◆ Assignment
Once the line with "#250=CARTESIAN_POINT('',(29.6104400703515,-6.35,-2.));" is found in the entries below, print it and each following line exactly, stopping after the line with "#286=CARTESIAN_POINT('',(3.11044007035151,-2.85,0.));"; print nothing else.

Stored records
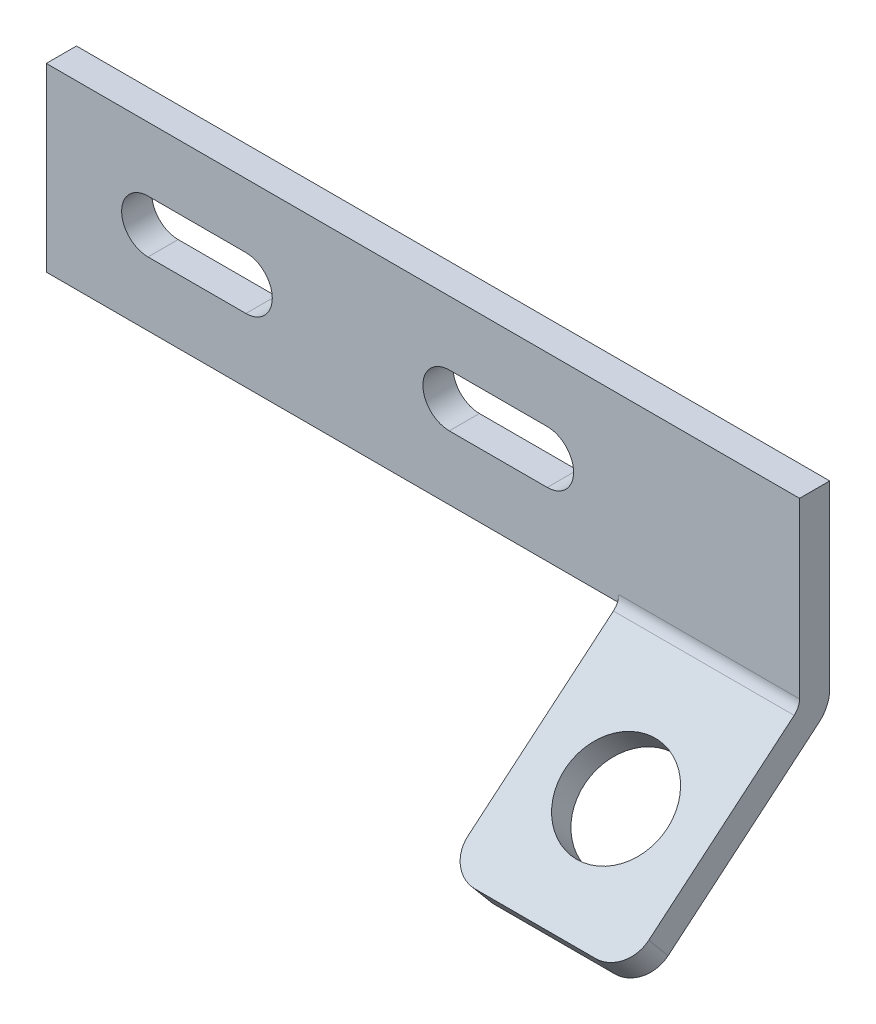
ISO-10303-21;
HEADER;
FILE_DESCRIPTION(('STEP AP214'),'2;1');
FILE_NAME('part.step','',(''),(''),'','','');
FILE_SCHEMA(('AUTOMOTIVE_DESIGN { 1 0 10303 214 1 1 1 1 }'));
ENDSEC;
DATA;
#1=APPLICATION_CONTEXT('core data for automotive mechanical design processes');
#2=APPLICATION_PROTOCOL_DEFINITION('international standard','automotive_design',2000,#1);
#3=PRODUCT_CONTEXT('',#1,'mechanical');
#4=PRODUCT('Part','Part','',(#3));
#5=PRODUCT_RELATED_PRODUCT_CATEGORY('part','',(#4));
#6=PRODUCT_DEFINITION_FORMATION('','',#4);
#7=PRODUCT_DEFINITION_CONTEXT('part definition',#1,'design');
#8=PRODUCT_DEFINITION('design','',#6,#7);
#9=PRODUCT_DEFINITION_SHAPE('','',#8);
#10=(LENGTH_UNIT() NAMED_UNIT(*) SI_UNIT(.MILLI.,.METRE.));
#11=(NAMED_UNIT(*) PLANE_ANGLE_UNIT() SI_UNIT($,.RADIAN.));
#12=(NAMED_UNIT(*) SI_UNIT($,.STERADIAN.) SOLID_ANGLE_UNIT());
#13=UNCERTAINTY_MEASURE_WITH_UNIT(LENGTH_MEASURE(1.E-05),#10,'distance_accuracy_value','');
#14=(GEOMETRIC_REPRESENTATION_CONTEXT(3) GLOBAL_UNCERTAINTY_ASSIGNED_CONTEXT((#13)) GLOBAL_UNIT_ASSIGNED_CONTEXT((#10,
#11,#12)) REPRESENTATION_CONTEXT('',''));
#15=CARTESIAN_POINT('',(0.,0.,0.));
#16=DIRECTION('',(0.,0.,1.));
#17=DIRECTION('',(1.,0.,0.));
#18=AXIS2_PLACEMENT_3D('',#15,#16,#17);
#19=CARTESIAN_POINT('',(-3.63955992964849,-10.6,-2.));
#20=DIRECTION('',(-1.,0.,0.));
#21=DIRECTION('',(0.,0.,1.));
#22=AXIS2_PLACEMENT_3D('',#19,#20,#21);
#23=PLANE('',#22);
#24=DIRECTION('',(0.,-1.,0.));
#25=VECTOR('',#24,1.);
#26=CARTESIAN_POINT('',(-3.63955992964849,-10.6,0.));
#27=LINE('',#26,#25);
#28=CARTESIAN_POINT('',(-3.63955992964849,1.4,0.));
#29=VERTEX_POINT('',#28);
#30=CARTESIAN_POINT('',(-3.63955992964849,-10.6,0.));
#31=VERTEX_POINT('',#30);
#32=EDGE_CURVE('E236',#29,#31,#27,.T.);
#33=ORIENTED_EDGE('',*,*,#32,.F.);
#34=DIRECTION('',(0.,0.,1.));
#35=VECTOR('',#34,1.);
#36=CARTESIAN_POINT('',(-3.63955992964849,1.4,-2.));
#37=LINE('',#36,#35);
#38=CARTESIAN_POINT('',(-3.63955992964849,1.4,-2.));
#39=VERTEX_POINT('',#38);
#40=EDGE_CURVE('E259',#39,#29,#37,.T.);
#41=ORIENTED_EDGE('',*,*,#40,.F.);
#42=DIRECTION('',(0.,-1.,0.));
#43=VECTOR('',#42,1.);
#44=CARTESIAN_POINT('',(-3.63955992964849,-10.6,-2.));
#45=LINE('',#44,#43);
#46=CARTESIAN_POINT('',(-3.63955992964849,-10.6,-2.));
#47=VERTEX_POINT('',#46);
#48=EDGE_CURVE('E237',#39,#47,#45,.T.);
#49=ORIENTED_EDGE('',*,*,#48,.T.);
#50=DIRECTION('',(0.,0.,1.));
#51=VECTOR('',#50,1.);
#52=CARTESIAN_POINT('',(-3.63955992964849,-10.6,-2.));
#53=LINE('',#52,#51);
#54=EDGE_CURVE('E249',#47,#31,#53,.T.);
#55=ORIENTED_EDGE('',*,*,#54,.T.);
#56=EDGE_LOOP('',(#33,#41,#49,#55));
#57=FACE_BOUND('',#56,.T.);
#58=ADVANCED_FACE('F16',(#57),#23,.T.);
#59=CARTESIAN_POINT('',(-3.63955992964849,1.4,-2.));
#60=DIRECTION('',(0.,1.,0.));
#61=DIRECTION('',(-1.,0.,0.));
#62=AXIS2_PLACEMENT_3D('',#59,#60,#61);
#63=PLANE('',#62);
#64=DIRECTION('',(-1.,0.,0.));
#65=VECTOR('',#64,1.);
#66=CARTESIAN_POINT('',(-3.63955992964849,1.4,0.));
#67=LINE('',#66,#65);
#68=CARTESIAN_POINT('',(46.3604400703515,1.4,0.));
#69=VERTEX_POINT('',#68);
#70=EDGE_CURVE('E241',#69,#29,#67,.T.);
#71=ORIENTED_EDGE('',*,*,#70,.F.);
#72=DIRECTION('',(0.,0.,1.));
#73=VECTOR('',#72,1.);
#74=CARTESIAN_POINT('',(46.3604400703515,1.4,-2.));
#75=LINE('',#74,#73);
#76=CARTESIAN_POINT('',(46.3604400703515,1.4,-2.));
#77=VERTEX_POINT('',#76);
#78=EDGE_CURVE('E262',#77,#69,#75,.T.);
#79=ORIENTED_EDGE('',*,*,#78,.F.);
#80=DIRECTION('',(-1.,0.,0.));
#81=VECTOR('',#80,1.);
#82=CARTESIAN_POINT('',(-3.63955992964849,1.4,-2.));
#83=LINE('',#82,#81);
#84=EDGE_CURVE('E246',#77,#39,#83,.T.);
#85=ORIENTED_EDGE('',*,*,#84,.T.);
#86=ORIENTED_EDGE('',*,*,#40,.T.);
#87=EDGE_LOOP('',(#71,#79,#85,#86));
#88=FACE_BOUND('',#87,.T.);
#89=ADVANCED_FACE('F345',(#88),#63,.T.);
#90=CARTESIAN_POINT('',(46.3604400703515,-10.6,-2.));
#91=DIRECTION('',(1.,0.,0.));
#92=DIRECTION('',(0.,0.,-1.));
#93=AXIS2_PLACEMENT_3D('',#90,#91,#92);
#94=PLANE('',#93);
#95=DIRECTION('',(0.,-0.642787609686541,0.766044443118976));
#96=VECTOR('',#95,1.);
#97=CARTESIAN_POINT('',(46.3604400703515,-20.2851281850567,11.5422863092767));
#98=LINE('',#97,#96);
#99=CARTESIAN_POINT('',(46.3604400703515,-10.899736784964,0.357212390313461));
#100=VERTEX_POINT('',#99);
#101=CARTESIAN_POINT('',(46.3604400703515,-18.9995529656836,10.0101974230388));
#102=VERTEX_POINT('',#101);
#103=EDGE_CURVE('E224',#100,#102,#98,.T.);
#104=ORIENTED_EDGE('',*,*,#103,.T.);
#105=DIRECTION('',(0.,-0.766044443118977,-0.642787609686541));
#106=VECTOR('',#105,1.);
#107=CARTESIAN_POINT('',(46.3604400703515,-19.9843607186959,9.18384560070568));
#108=LINE('',#107,#106);
#109=CARTESIAN_POINT('',(46.3604400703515,-20.5316418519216,8.72462220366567));
#110=VERTEX_POINT('',#109);
#111=EDGE_CURVE('E287',#102,#110,#108,.T.);
#112=ORIENTED_EDGE('',*,*,#111,.T.);
#113=DIRECTION('',(0.,0.642787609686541,-0.766044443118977));
#114=VECTOR('',#113,1.);
#115=CARTESIAN_POINT('',(46.3604400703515,-11.53261531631,-2.));
#116=LINE('',#115,#114);
#117=CARTESIAN_POINT('',(46.3604400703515,-12.132088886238,-1.28557521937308));
#118=VERTEX_POINT('',#117);
#119=EDGE_CURVE('E221',#110,#118,#116,.T.);
#120=ORIENTED_EDGE('',*,*,#119,.T.);
#121=CARTESIAN_POINT('',(46.3604400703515,-10.6,0.));
#122=DIRECTION('',(1.,0.,0.));
#123=DIRECTION('',(0.,0.,-1.));
#124=AXIS2_PLACEMENT_3D('',#121,#122,#123);
#125=CIRCLE('',#124,2.);
#126=CARTESIAN_POINT('',(46.3604400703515,-10.6,-2.));
#127=VERTEX_POINT('',#126);
#128=EDGE_CURVE('E268',#118,#127,#125,.T.);
#129=ORIENTED_EDGE('',*,*,#128,.T.);
#130=DIRECTION('',(0.,1.,0.));
#131=VECTOR('',#130,1.);
#132=CARTESIAN_POINT('',(46.3604400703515,-10.6,-2.));
#133=LINE('',#132,#131);
#134=EDGE_CURVE('E244',#127,#77,#133,.T.);
#135=ORIENTED_EDGE('',*,*,#134,.T.);
#136=ORIENTED_EDGE('',*,*,#78,.T.);
#137=DIRECTION('',(0.,1.,0.));
#138=VECTOR('',#137,1.);
#139=CARTESIAN_POINT('',(46.3604400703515,-10.6,0.));
#140=LINE('',#139,#138);
#141=CARTESIAN_POINT('',(46.3604400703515,-10.133692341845,0.));
#142=VERTEX_POINT('',#141);
#143=EDGE_CURVE('E255',#142,#69,#140,.T.);
#144=ORIENTED_EDGE('',*,*,#143,.F.);
#145=CARTESIAN_POINT('',(46.3604400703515,-10.133692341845,1.));
#146=DIRECTION('',(1.,0.,0.));
#147=DIRECTION('',(0.,0.,-1.));
#148=AXIS2_PLACEMENT_3D('',#145,#146,#147);
#149=CIRCLE('',#148,1.);
#150=EDGE_CURVE('E283',#142,#100,#149,.F.);
#151=ORIENTED_EDGE('',*,*,#150,.T.);
#152=EDGE_LOOP('',(#104,#112,#120,#129,#135,#136,#144,#151));
#153=FACE_BOUND('',#152,.T.);
#154=ADVANCED_FACE('F312',(#153),#94,.T.);
#155=CARTESIAN_POINT('',(-3.63955992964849,-10.6,-2.));
#156=DIRECTION('',(0.,-1.,0.));
#157=DIRECTION('',(0.,0.,-1.));
#158=AXIS2_PLACEMENT_3D('',#155,#156,#157);
#159=PLANE('',#158);
#160=DIRECTION('',(0.,0.,-1.));
#161=VECTOR('',#160,1.);
#162=CARTESIAN_POINT('',(34.3604400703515,-10.6,-2.));
#163=LINE('',#162,#161);
#164=CARTESIAN_POINT('',(34.3604400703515,-10.6,0.));
#165=VERTEX_POINT('',#164);
#166=CARTESIAN_POINT('',(34.3604400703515,-10.6,-2.));
#167=VERTEX_POINT('',#166);
#168=EDGE_CURVE('E231',#165,#167,#163,.T.);
#169=ORIENTED_EDGE('',*,*,#168,.F.);
#170=DIRECTION('',(1.,0.,0.));
#171=VECTOR('',#170,1.);
#172=CARTESIAN_POINT('',(-3.63955992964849,-10.6,0.));
#173=LINE('',#172,#171);
#174=EDGE_CURVE('E252',#31,#165,#173,.T.);
#175=ORIENTED_EDGE('',*,*,#174,.F.);
#176=ORIENTED_EDGE('',*,*,#54,.F.);
#177=DIRECTION('',(1.,0.,0.));
#178=VECTOR('',#177,1.);
#179=CARTESIAN_POINT('',(-3.63955992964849,-10.6,-2.));
#180=LINE('',#179,#178);
#181=EDGE_CURVE('E240',#47,#167,#180,.T.);
#182=ORIENTED_EDGE('',*,*,#181,.T.);
#183=EDGE_LOOP('',(#169,#175,#176,#182));
#184=FACE_BOUND('',#183,.T.);
#185=ADVANCED_FACE('F354',(#184),#159,.T.);
#186=CARTESIAN_POINT('',(0.,0.,-2.));
#187=DIRECTION('',(0.,0.,-1.));
#188=DIRECTION('',(-1.,0.,0.));
#189=AXIS2_PLACEMENT_3D('',#186,#187,#188);
#190=PLANE('',#189);
#191=CARTESIAN_POINT('',(3.11044007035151,-4.6,-2.));
#192=DIRECTION('',(0.,0.,1.));
#193=DIRECTION('',(1.,0.,0.));
#194=AXIS2_PLACEMENT_3D('',#191,#192,#193);
#195=CIRCLE('',#194,1.75);
#196=CARTESIAN_POINT('',(3.11044007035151,-2.85,-2.));
#197=VERTEX_POINT('',#196);
#198=CARTESIAN_POINT('',(3.11044007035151,-6.35,-2.));
#199=VERTEX_POINT('',#198);
#200=EDGE_CURVE('E163',#197,#199,#195,.T.);
#201=ORIENTED_EDGE('',*,*,#200,.T.);
#202=DIRECTION('',(1.,0.,0.));
#203=VECTOR('',#202,1.);
#204=CARTESIAN_POINT('',(3.11044007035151,-6.35,-2.));
#205=LINE('',#204,#203);
#206=CARTESIAN_POINT('',(9.61044007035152,-6.35,-2.));
#207=VERTEX_POINT('',#206);
#208=EDGE_CURVE('E547',#199,#207,#205,.T.);
#209=ORIENTED_EDGE('',*,*,#208,.T.);
#210=CARTESIAN_POINT('',(9.61044007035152,-4.6,-2.));
#211=DIRECTION('',(0.,0.,1.));
#212=DIRECTION('',(1.,0.,0.));
#213=AXIS2_PLACEMENT_3D('',#210,#211,#212);
#214=CIRCLE('',#213,1.75);
#215=CARTESIAN_POINT('',(9.61044007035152,-2.85,-2.));
#216=VERTEX_POINT('',#215);
#217=EDGE_CURVE('E178',#207,#216,#214,.T.);
#218=ORIENTED_EDGE('',*,*,#217,.T.);
#219=DIRECTION('',(1.,0.,0.));
#220=VECTOR('',#219,1.);
#221=CARTESIAN_POINT('',(3.11044007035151,-2.85,-2.));
#222=LINE('',#221,#220);
#223=EDGE_CURVE('E159',#197,#216,#222,.T.);
#224=ORIENTED_EDGE('',*,*,#223,.F.);
#225=EDGE_LOOP('',(#201,#209,#218,#224));
#226=FACE_BOUND('',#225,.T.);
#227=DIRECTION('',(1.,0.,0.));
#228=VECTOR('',#227,1.);
#229=CARTESIAN_POINT('',(23.1104400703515,-2.85,-2.));
#230=LINE('',#229,#228);
#231=CARTESIAN_POINT('',(23.1104400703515,-2.85,-2.));
#232=VERTEX_POINT('',#231);
#233=CARTESIAN_POINT('',(29.6104400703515,-2.85,-2.));
#234=VERTEX_POINT('',#233);
#235=EDGE_CURVE('E188',#232,#234,#230,.T.);
#236=ORIENTED_EDGE('',*,*,#235,.F.);
#237=CARTESIAN_POINT('',(23.1104400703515,-4.6,-2.));
#238=DIRECTION('',(0.,0.,1.));
#239=DIRECTION('',(1.,0.,0.));
#240=AXIS2_PLACEMENT_3D('',#237,#238,#239);
#241=CIRCLE('',#240,1.75);
#242=CARTESIAN_POINT('',(23.1104400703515,-6.35,-2.));
#243=VERTEX_POINT('',#242);
#244=EDGE_CURVE('E195',#232,#243,#241,.T.);
#245=ORIENTED_EDGE('',*,*,#244,.T.);
#246=DIRECTION('',(1.,0.,0.));
#247=VECTOR('',#246,1.);
#248=CARTESIAN_POINT('',(23.1104400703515,-6.35,-2.));
#249=LINE('',#248,#247);
#250=CARTESIAN_POINT('',(29.6104400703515,-6.35,-2.));
#251=VERTEX_POINT('',#250);
#252=EDGE_CURVE('E185',#243,#251,#249,.T.);
#253=ORIENTED_EDGE('',*,*,#252,.T.);
#254=CARTESIAN_POINT('',(29.6104400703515,-4.6,-2.));
#255=DIRECTION('',(0.,0.,1.));
#256=DIRECTION('',(1.,0.,0.));
#257=AXIS2_PLACEMENT_3D('',#254,#255,#256);
#258=CIRCLE('',#257,1.75);
#259=EDGE_CURVE('E206',#251,#234,#258,.T.);
#260=ORIENTED_EDGE('',*,*,#259,.T.);
#261=EDGE_LOOP('',(#236,#245,#253,#260));
#262=FACE_BOUND('',#261,.T.);
#263=ORIENTED_EDGE('',*,*,#134,.F.);
#264=DIRECTION('',(1.,0.,0.));
#265=VECTOR('',#264,1.);
#266=CARTESIAN_POINT('',(0.,-10.6,-2.));
#267=LINE('',#266,#265);
#268=EDGE_CURVE('E270',#127,#167,#267,.F.);
#269=ORIENTED_EDGE('',*,*,#268,.T.);
#270=ORIENTED_EDGE('',*,*,#181,.F.);
#271=ORIENTED_EDGE('',*,*,#48,.F.);
#272=ORIENTED_EDGE('',*,*,#84,.F.);
#273=EDGE_LOOP('',(#263,#269,#270,#271,#272));
#274=FACE_BOUND('',#273,.T.);
#275=ADVANCED_FACE('F340',(#226,#262,#274),#190,.T.);
#276=CARTESIAN_POINT('',(0.,0.,0.));
#277=DIRECTION('',(0.,0.,-1.));
#278=DIRECTION('',(-1.,0.,0.));
#279=AXIS2_PLACEMENT_3D('',#276,#277,#278);
#280=PLANE('',#279);
#281=CARTESIAN_POINT('',(3.11044007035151,-4.6,0.));
#282=DIRECTION('',(0.,0.,1.));
#283=DIRECTION('',(1.,0.,0.));
#284=AXIS2_PLACEMENT_3D('',#281,#282,#283);
#285=CIRCLE('',#284,1.75);
#286=CARTESIAN_POINT('',(3.11044007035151,-2.85,0.));
#287=VERTEX_POINT('',#286);
#288=CARTESIAN_POINT('',(3.11044007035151,-6.35,0.));
#289=VERTEX_POINT('',#288);
#290=EDGE_CURVE('E39',#287,#289,#285,.T.);
#291=ORIENTED_EDGE('',*,*,#290,.F.);
#292=DIRECTION('',(1.,0.,0.));
#293=VECTOR('',#292,1.);
#294=CARTESIAN_POINT('',(3.11044007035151,-2.85,0.));
#295=LINE('',#294,#293);
#296=CARTESIAN_POINT('',(9.61044007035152,-2.85,0.));
#297=VERTEX_POINT('',#296);
#298=EDGE_CURVE('E150',#287,#297,#295,.T.);
#299=ORIENTED_EDGE('',*,*,#298,.T.);
#300=CARTESIAN_POINT('',(9.61044007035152,-4.6,0.));
#301=DIRECTION('',(0.,0.,1.));
#302=DIRECTION('',(1.,0.,0.));
#303=AXIS2_PLACEMENT_3D('',#300,#301,#302);
#304=CIRCLE('',#303,1.75);
#305=CARTESIAN_POINT('',(9.61044007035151,-6.35,0.));
#306=VERTEX_POINT('',#305);
#307=EDGE_CURVE('E165',#306,#297,#304,.T.);
#308=ORIENTED_EDGE('',*,*,#307,.F.);
#309=DIRECTION('',(1.,0.,0.));
#310=VECTOR('',#309,1.);
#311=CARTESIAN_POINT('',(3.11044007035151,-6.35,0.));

◆ Your solution
#250=CARTESIAN_POINT('',(29.6104400703515,-6.35,-2.));
#251=VERTEX_POINT('',#250);
#252=EDGE_CURVE('E185',#243,#251,#249,.T.);
#253=ORIENTED_EDGE('',*,*,#252,.T.);
#254=CARTESIAN_POINT('',(29.6104400703515,-4.6,-2.));
#255=DIRECTION('',(0.,0.,1.));
#256=DIRECTION('',(1.,0.,0.));
#257=AXIS2_PLACEMENT_3D('',#254,#255,#256);
#258=CIRCLE('',#257,1.75);
#259=EDGE_CURVE('E206',#251,#234,#258,.T.);
#260=ORIENTED_EDGE('',*,*,#259,.T.);
#261=EDGE_LOOP('',(#236,#245,#253,#260));
#262=FACE_BOUND('',#261,.T.);
#263=ORIENTED_EDGE('',*,*,#134,.F.);
#264=DIRECTION('',(1.,0.,0.));
#265=VECTOR('',#264,1.);
#266=CARTESIAN_POINT('',(0.,-10.6,-2.));
#267=LINE('',#266,#265);
#268=EDGE_CURVE('E270',#127,#167,#267,.F.);
#269=ORIENTED_EDGE('',*,*,#268,.T.);
#270=ORIENTED_EDGE('',*,*,#181,.F.);
#271=ORIENTED_EDGE('',*,*,#48,.F.);
#272=ORIENTED_EDGE('',*,*,#84,.F.);
#273=EDGE_LOOP('',(#263,#269,#270,#271,#272));
#274=FACE_BOUND('',#273,.T.);
#275=ADVANCED_FACE('F340',(#226,#262,#274),#190,.T.);
#276=CARTESIAN_POINT('',(0.,0.,0.));
#277=DIRECTION('',(0.,0.,-1.));
#278=DIRECTION('',(-1.,0.,0.));
#279=AXIS2_PLACEMENT_3D('',#276,#277,#278);
#280=PLANE('',#279);
#281=CARTESIAN_POINT('',(3.11044007035151,-4.6,0.));
#282=DIRECTION('',(0.,0.,1.));
#283=DIRECTION('',(1.,0.,0.));
#284=AXIS2_PLACEMENT_3D('',#281,#282,#283);
#285=CIRCLE('',#284,1.75);
#286=CARTESIAN_POINT('',(3.11044007035151,-2.85,0.));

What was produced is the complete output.